Canadian Centre for Health Economics, Institute of Health Policy, Management and Evaluation, University of Toronto, Toronto, Ontario, Canada.
Nutrition International, Ottawa, Ontario, Canada.
Matern Child Nutr. 2019 May;15 Suppl 3(Suppl 3):e12720. doi: 10.1111/mcn.12720.
In 2011, Tanzania mandated the fortification of edible oil with vitamin A to help address its vitamin A deficiency (VAD) public health problem. By 2015, only 16% of edible oil met the standards for adequate fortification. There is no evidence on the cost-effectiveness of the fortification of edible oil by small- and medium-scale (SMS) producers in preventing VAD. The MASAVA project initiated the production of sunflower oil fortified with vitamin A by SMS producers in the Manyara and Shinyanga regions of Tanzania. A quasi-experimental nonequivalent control-group research trial and an economic evaluation were conducted. The household survey included mother and child pairs from a sample of 568 households before the intervention and 18 months later. From the social perspective, the incremental cost of fortification of sunflower oil could be as low as $0.13, $0.06, and $0.02 per litre for small-, medium-, and large-scale producers, respectively, compared with unfortified sunflower oil. The SMS intervention increased access to fortified oil for some vulnerable groups but did not have a significant effect on the prevention of VAD due to insufficient coverage. Fortification of vegetable oil by large-scale producers was associated with a significant reduction of VAD in children from Shinyanga. The estimated cost per disability-adjusted life year averted for fortified sunflower oil was $281 for large-scale and could be as low as $626 for medium-scale and $1,507 for small-scale producers under ideal conditions. According to the World Health Organization thresholds, this intervention is very cost-effective for large- and medium-scale producers and cost-effective for small-scale producers.

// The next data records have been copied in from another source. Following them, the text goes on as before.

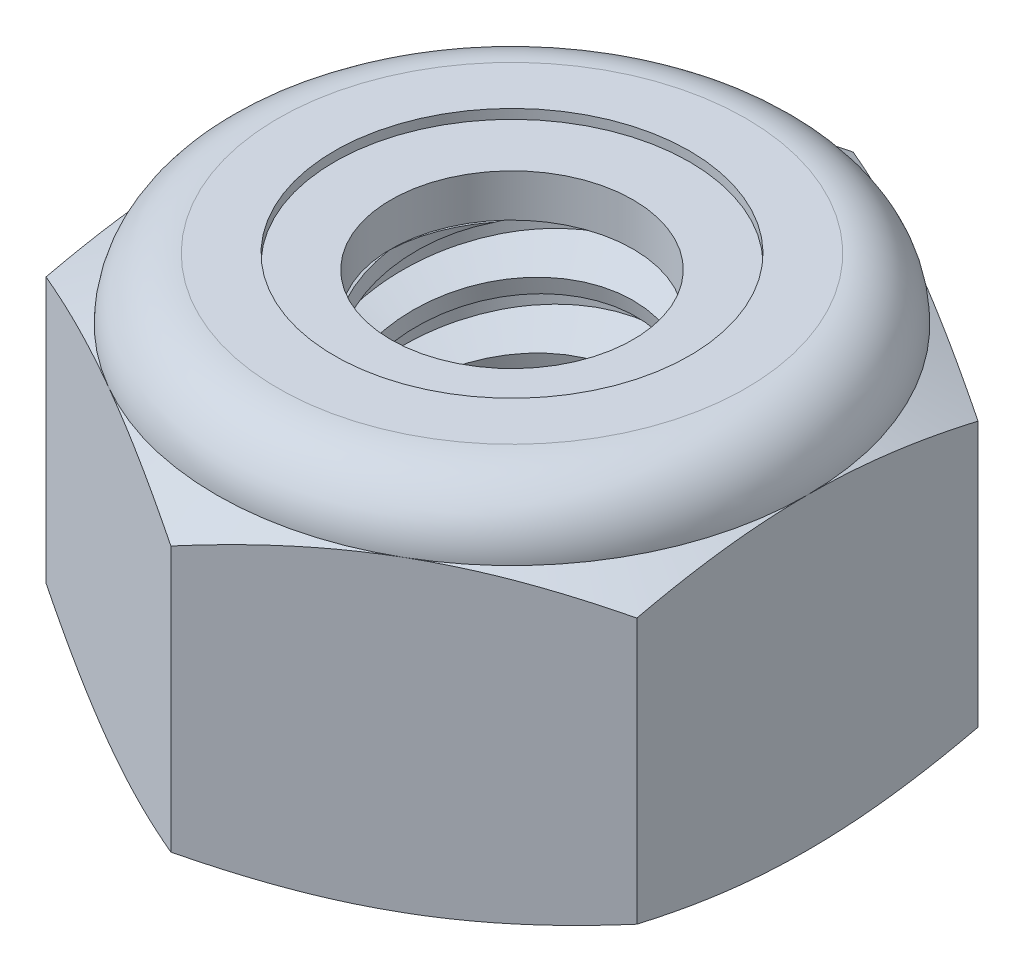
from build123d import *

# Parameters (mm, degrees)
EXTRUDE1_DEPTH      = 5.953125
SKETCH2_W           = 2.413
SKETCH2_H           = 5.953125
LPATTERN1_COUNT     = 6
LPATTERN1_PITCH     = 1.058333333
LPATTERN1_COL_COUNT = 2
LPATTERN1_COL_PITCH = 1.058333333


with BuildPart() as part:
    # Sketch1 → Extrude1 (new body)
    with BuildSketch(Plane(origin=(0, 0, 0), x_dir=(1, 0, 0), z_dir=(0, 1, 0))):
        Polygon((0, 5.499261314), (-4.7625, 2.749630657), (-4.7625, -2.749630657), (0, -5.499261314), (4.7625, -2.749630657), (4.7625, 2.749630657), align=None)
    extrude(amount=EXTRUDE1_DEPTH)

    # Sketch4 → Cut-Revolve2 (revolve, cut)
    with BuildSketch(Plane(origin=(0, 0, 0), x_dir=(0, 0, -1), z_dir=(1, 0, 0))):
        Polygon((0, 5.953125), (2.413, 5.953125), (1.952639712, 5.738455472), (1.952639712, 0.214669528), (2.413, 0), (0, 0), align=None)
    revolve(axis=Axis((0, 5.953125, 0), (0, 1, 0)), mode=Mode.SUBTRACT)


with BuildPart() as body_2:
    # Sketch2 → Revolve1 (revolve)
    with BuildSketch(Plane(origin=(0, 0, 0), x_dir=(0, 0, -1), z_dir=(1, 0, 0))):
        with Locations((1.2065, 2.9765625)):
            Rectangle(SKETCH2_W, SKETCH2_H)
    revolve(axis=Axis((0, -2.413, 0), (0, 1, 0)))

    # Sketch3 → Cut-Revolve1 (revolve, cut)
    with BuildSketch(Plane(origin=(0, 0, 0), x_dir=(0, 0, -1), z_dir=(1, 0, 0))):
        Polygon((2.441337922, 5.823904076), (2.639703376, 4.919357607), (2.009315556, 5.119703115), (1.952639712, 5.378144964), align=None)
    cut_revolve1 = revolve(axis=Axis((0, 5.953125, 0.249698658), (0, -0.976788088, -0.214207914)), mode=Mode.SUBTRACT)

    # LPattern1: Cut-Revolve1 ×6
    with Locations(*[(0, -i * LPATTERN1_PITCH, 0) for i in range(1, LPATTERN1_COUNT)]):
        add(cut_revolve1, mode=Mode.SUBTRACT)

    # LPattern1 col: Cut-Revolve1 ×2
    with Locations(*[(0, i * LPATTERN1_COL_PITCH, 0) for i in range(1, LPATTERN1_COL_COUNT)]):
        add(cut_revolve1, mode=Mode.SUBTRACT)


with BuildPart() as part_1:
    add(part.part)

    # Combine1: cut body 2
    add(body_2.part, mode=Mode.SUBTRACT)

    # Sketch5 → Cut-Revolve3 (revolve, cut)
    with BuildSketch(Plane(origin=(0, 0, 0), x_dir=(0, 0, -1), z_dir=(1, 0, 0))):
        with BuildLine():
            Line((0, 0), (4.7625, 0))
            Line((4.7625, 0), (5.499261314, 0.343557443))
            Line((5.499261314, 0.343557443), (5.499261314, 4.617380057))
            Line((5.499261314, 4.617380057), (4.7625, 4.9609375))
            ThreePointArc((4.7625, 4.9609375), (4.471895009, 5.662520009), (3.7703125, 5.953125))
            Line((3.7703125, 5.953125), (3.7703125, 7.223125))
            Line((3.7703125, 7.223125), (6.769261314, 7.223125))
            Line((6.769261314, 7.223125), (6.769261314, -1.27))
            Line((6.769261314, -1.27), (0, -1.27))
            Line((0, -1.27), (0, 0))
        make_face()
    revolve(axis=Axis((0, 0, 0), (0, 1, 0)), mode=Mode.SUBTRACT)

    # Sketch6 → Cut-Revolve4 (revolve, cut)
    with BuildSketch(Plane(origin=(0, 0, 0), x_dir=(0, 0, -1), z_dir=(1, 0, 0))):
        with BuildLine():
            Line((0, 4.9609375), (4.6101, 4.9609375))
            ThreePointArc((4.6101, 4.9609375), (4.364131936, 5.554756936), (3.7703125, 5.800725))
            Line((3.7703125, 5.800725), (2.861476106, 5.800725))
            Line((2.861476106, 5.800725), (2.861476106, 7.223125))
            Line((2.861476106, 7.223125), (0, 7.223125))
            Line((0, 7.223125), (0, 4.9609375))
        make_face()
    revolve(axis=Axis((0, 7.223125, 0), (0, 1, 0)), mode=Mode.SUBTRACT)


with BuildPart() as body_2_2:
    # Sketch7 → Revolve2 (revolve)
    with BuildSketch(Plane(origin=(0, 0, 0), x_dir=(0, 0, -1), z_dir=(1, 0, 0))):
        with BuildLine():
            Line((1.952639712, 5.0371375), (4.530088408, 5.0371375))
            ThreePointArc((4.530088408, 5.0371375), (4.282601726, 5.527175629), (3.7703125, 5.724525))
            Line((3.7703125, 5.724525), (1.952639712, 5.724525))
            Line((1.952639712, 5.724525), (1.952639712, 5.0371375))
        make_face()
    revolve(axis=Axis((0, 5.0371375, 0), (0, 1, 0)))


solid = Compound([part_1.part, body_2_2.part])

2011 年,坦桑尼亚规定食用植物油必须强化维生素 A,以解决维生素 A 缺乏症(VAD)这一公共卫生问题。到 2015 年,只有 16%的食用植物油符合充分强化的标准。没有证据表明中小规模(SMS)生产者对食用植物油进行强化以预防 VAD 是否具有成本效益。MASAVA 项目在坦桑尼亚的 Manyara 和 Shinyanga 地区启动了由 SMS 生产者生产强化维生素 A 的葵花籽油项目。进行了一项准实验性非等效对照组研究试验和经济评估。该家庭调查包括干预前和 18 个月后来自 568 户家庭的母婴对子。从社会角度来看,与未强化的葵花籽油相比,小型、中型和大型生产商分别可以将强化葵花籽油的增量成本控制在每升 0.13 美元、0.06 美元和 0.02 美元。与未强化的葵花籽油相比,该 SMS 干预措施增加了一些弱势群体对强化油的获取,但由于覆盖率不足,对预防 VAD 没有显著影响。大型生产商对植物油的强化与 Shinyanga 儿童 VAD 发生率的显著降低有关。强化葵花籽油的每例伤残调整生命年预防成本估计为大型生产者 281 美元,在理想条件下,中、小型生产者分别可以低至 626 美元和 1507 美元。根据世界卫生组织的门槛,这一干预措施对大型和中型生产者来说是非常具有成本效益的,对小型生产者来说也是具有成本效益的。